Required work: Each line from the one containing "- Coincident4: coincident" through the end of the entries below should be transcribed exactly, and no other line.

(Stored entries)
· · · ·

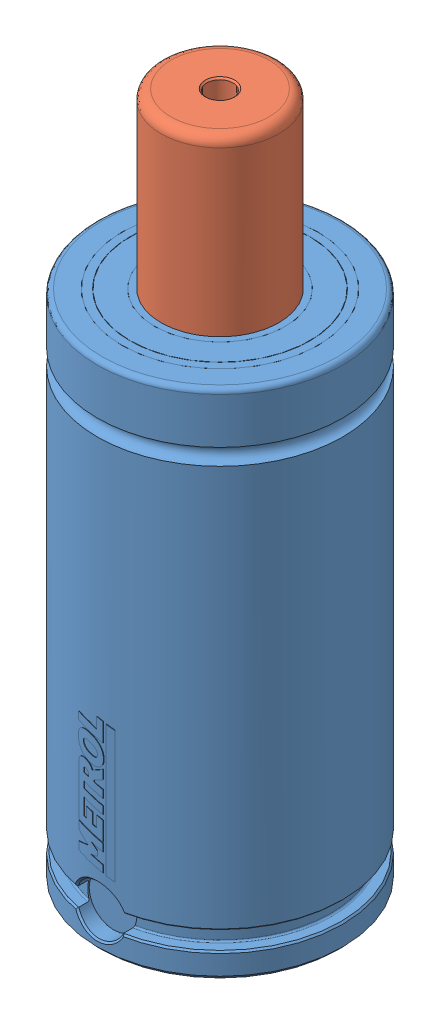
SolidWorks assembly ISNG1500-050.SLDASM, configuration Default (file format 7000). Lengths in mm.
Overall size (75 210 75.11).
2 component instances, 2 part files, 5 mates.
Components (placement in the parent):
- ISNG-1500 Body-1: ISNG-1500 Body.SLDPRT [ISNG-1500-50] x (0 0 1) z (0 -1 0) size (75.11 75 157)
- ISNG-1500 Piston-1: ISNG-1500 Piston.SLDPRT [ISNG-1500-50] at (0 132 0) x (-0.97589 0 0.218265) z (0 -1 0) size (50 50 78)
Mates (geometry in assembly coordinates):
- Coincident1: coincident aligned: circle of ISNG-1500 Body-1; cylinder of ISNG-1500 Piston-1 through (0 132 0) axis (0 -1 0) radius 18
- LimitDistance1: limit distance anti-aligned: plane of ISNG-1500 Body-1 through (-18 137 0) normal (0 -1 0); plane of ISNG-1500 Piston-1 through (-5.4566 137 -24.3972) normal (0 1 0)
- Coincident3: coincident anti-aligned: plane of ISNG-1500 Body-1 through (0 0 0) normal (0 -1 0); plane of assembly through (0 0 0) normal (0 1 0)
- Coincident4: coincident aligned: plane of ISNG-1500 Body-1; plane of assembly through (0 0 0) normal (0 0 1)
- Coincident5: coincident anti-aligned: plane of ISNG-1500 Body-1; plane of assembly through (0 0 0) normal (1 0 0)

· · · ·

Response:
- Coincident4: coincident aligned: plane of ISNG-1500 Body-1; plane of assembly through (0 0 0) normal (0 0 1)
- Coincident5: coincident anti-aligned: plane of ISNG-1500 Body-1; plane of assembly through (0 0 0) normal (1 0 0)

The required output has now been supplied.